The pictures in the listing below are to be skipped, while the lines between the line holding "Commit message: feat(pcb-d): D7" and the line holding "[diagram v5b: board, top", inclusive, are to be output exactly.

_Data extract:_
Start of Block
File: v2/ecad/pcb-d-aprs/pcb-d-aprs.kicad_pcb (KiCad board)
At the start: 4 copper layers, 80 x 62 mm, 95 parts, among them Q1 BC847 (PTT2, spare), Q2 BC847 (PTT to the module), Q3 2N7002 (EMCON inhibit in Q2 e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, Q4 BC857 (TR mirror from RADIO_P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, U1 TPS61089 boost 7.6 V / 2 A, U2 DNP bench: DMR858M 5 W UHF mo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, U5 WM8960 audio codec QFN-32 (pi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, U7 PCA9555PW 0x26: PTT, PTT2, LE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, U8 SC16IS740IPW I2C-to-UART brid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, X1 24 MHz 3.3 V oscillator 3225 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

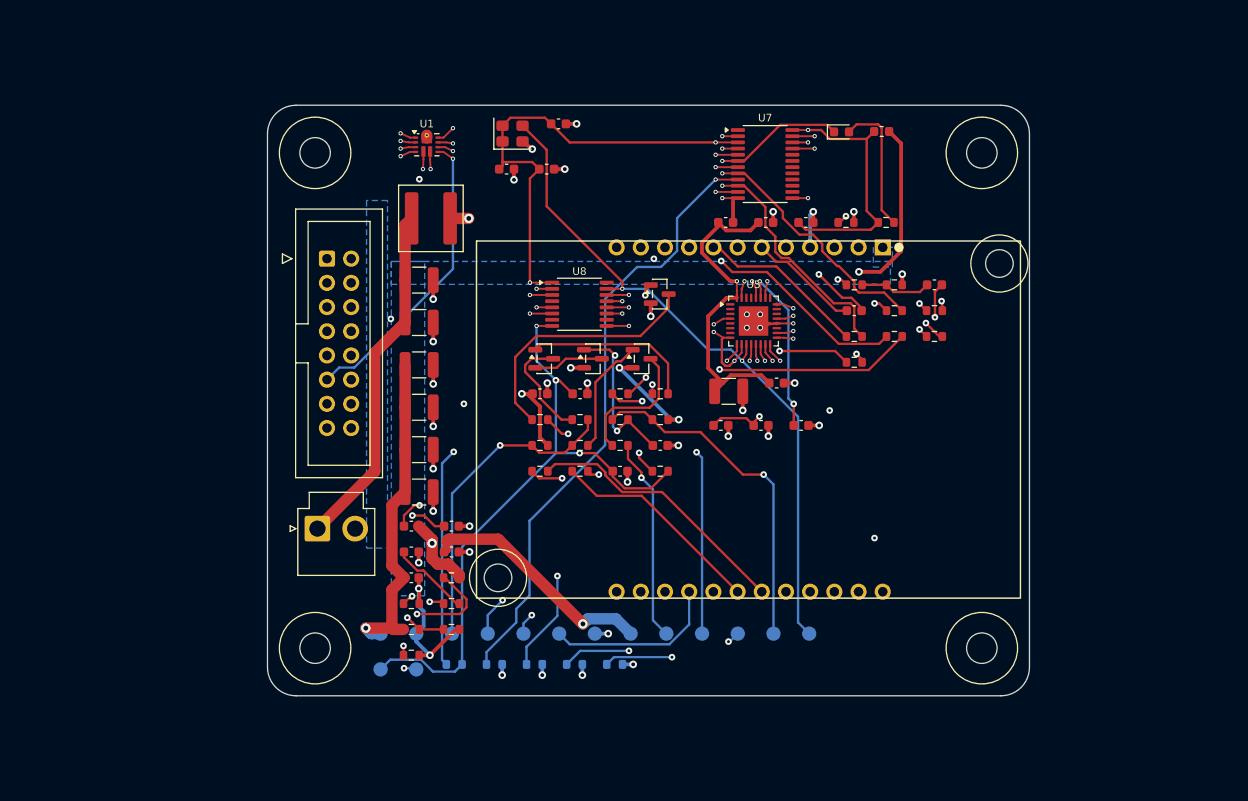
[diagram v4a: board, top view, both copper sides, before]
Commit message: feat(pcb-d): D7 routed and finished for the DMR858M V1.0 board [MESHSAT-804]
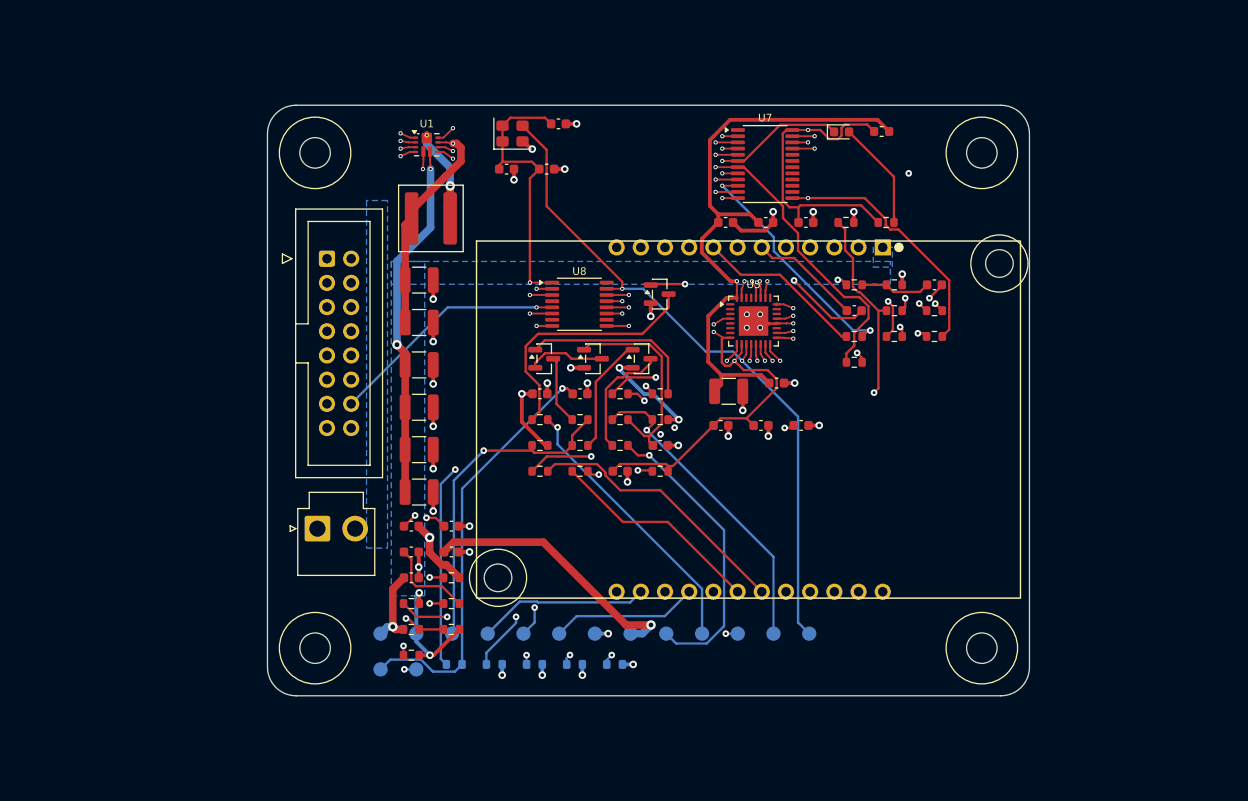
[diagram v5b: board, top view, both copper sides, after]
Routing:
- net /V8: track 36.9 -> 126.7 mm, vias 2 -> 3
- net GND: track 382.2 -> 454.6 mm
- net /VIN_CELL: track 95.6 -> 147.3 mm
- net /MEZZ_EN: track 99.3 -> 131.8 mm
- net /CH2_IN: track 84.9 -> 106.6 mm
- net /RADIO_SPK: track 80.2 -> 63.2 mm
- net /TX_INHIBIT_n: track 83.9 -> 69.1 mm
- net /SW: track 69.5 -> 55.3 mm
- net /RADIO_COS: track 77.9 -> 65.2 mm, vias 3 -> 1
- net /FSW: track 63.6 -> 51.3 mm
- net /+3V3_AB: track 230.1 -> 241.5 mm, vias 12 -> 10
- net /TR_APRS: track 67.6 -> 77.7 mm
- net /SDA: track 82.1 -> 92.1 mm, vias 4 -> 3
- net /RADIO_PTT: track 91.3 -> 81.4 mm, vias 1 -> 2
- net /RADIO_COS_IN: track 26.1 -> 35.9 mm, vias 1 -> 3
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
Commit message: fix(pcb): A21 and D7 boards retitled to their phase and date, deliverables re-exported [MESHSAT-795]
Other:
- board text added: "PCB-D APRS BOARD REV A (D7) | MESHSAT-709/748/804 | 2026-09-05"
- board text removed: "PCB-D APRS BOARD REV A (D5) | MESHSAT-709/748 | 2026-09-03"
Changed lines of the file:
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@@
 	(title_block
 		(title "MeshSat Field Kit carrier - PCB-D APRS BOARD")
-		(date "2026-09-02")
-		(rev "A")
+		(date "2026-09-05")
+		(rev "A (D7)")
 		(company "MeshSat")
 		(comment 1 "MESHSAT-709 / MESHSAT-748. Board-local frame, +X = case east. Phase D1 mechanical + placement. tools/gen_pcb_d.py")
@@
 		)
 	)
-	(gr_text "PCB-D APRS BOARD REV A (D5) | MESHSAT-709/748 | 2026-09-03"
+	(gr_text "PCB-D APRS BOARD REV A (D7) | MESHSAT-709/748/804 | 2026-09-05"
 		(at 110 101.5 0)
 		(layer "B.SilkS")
End of Block
_Final answer:_
Commit message: feat(pcb-d): D7 routed and finished for the DMR858M V1.0 board [MESHSAT-804]
[diagram v5b: board, top view, both copper sides, after]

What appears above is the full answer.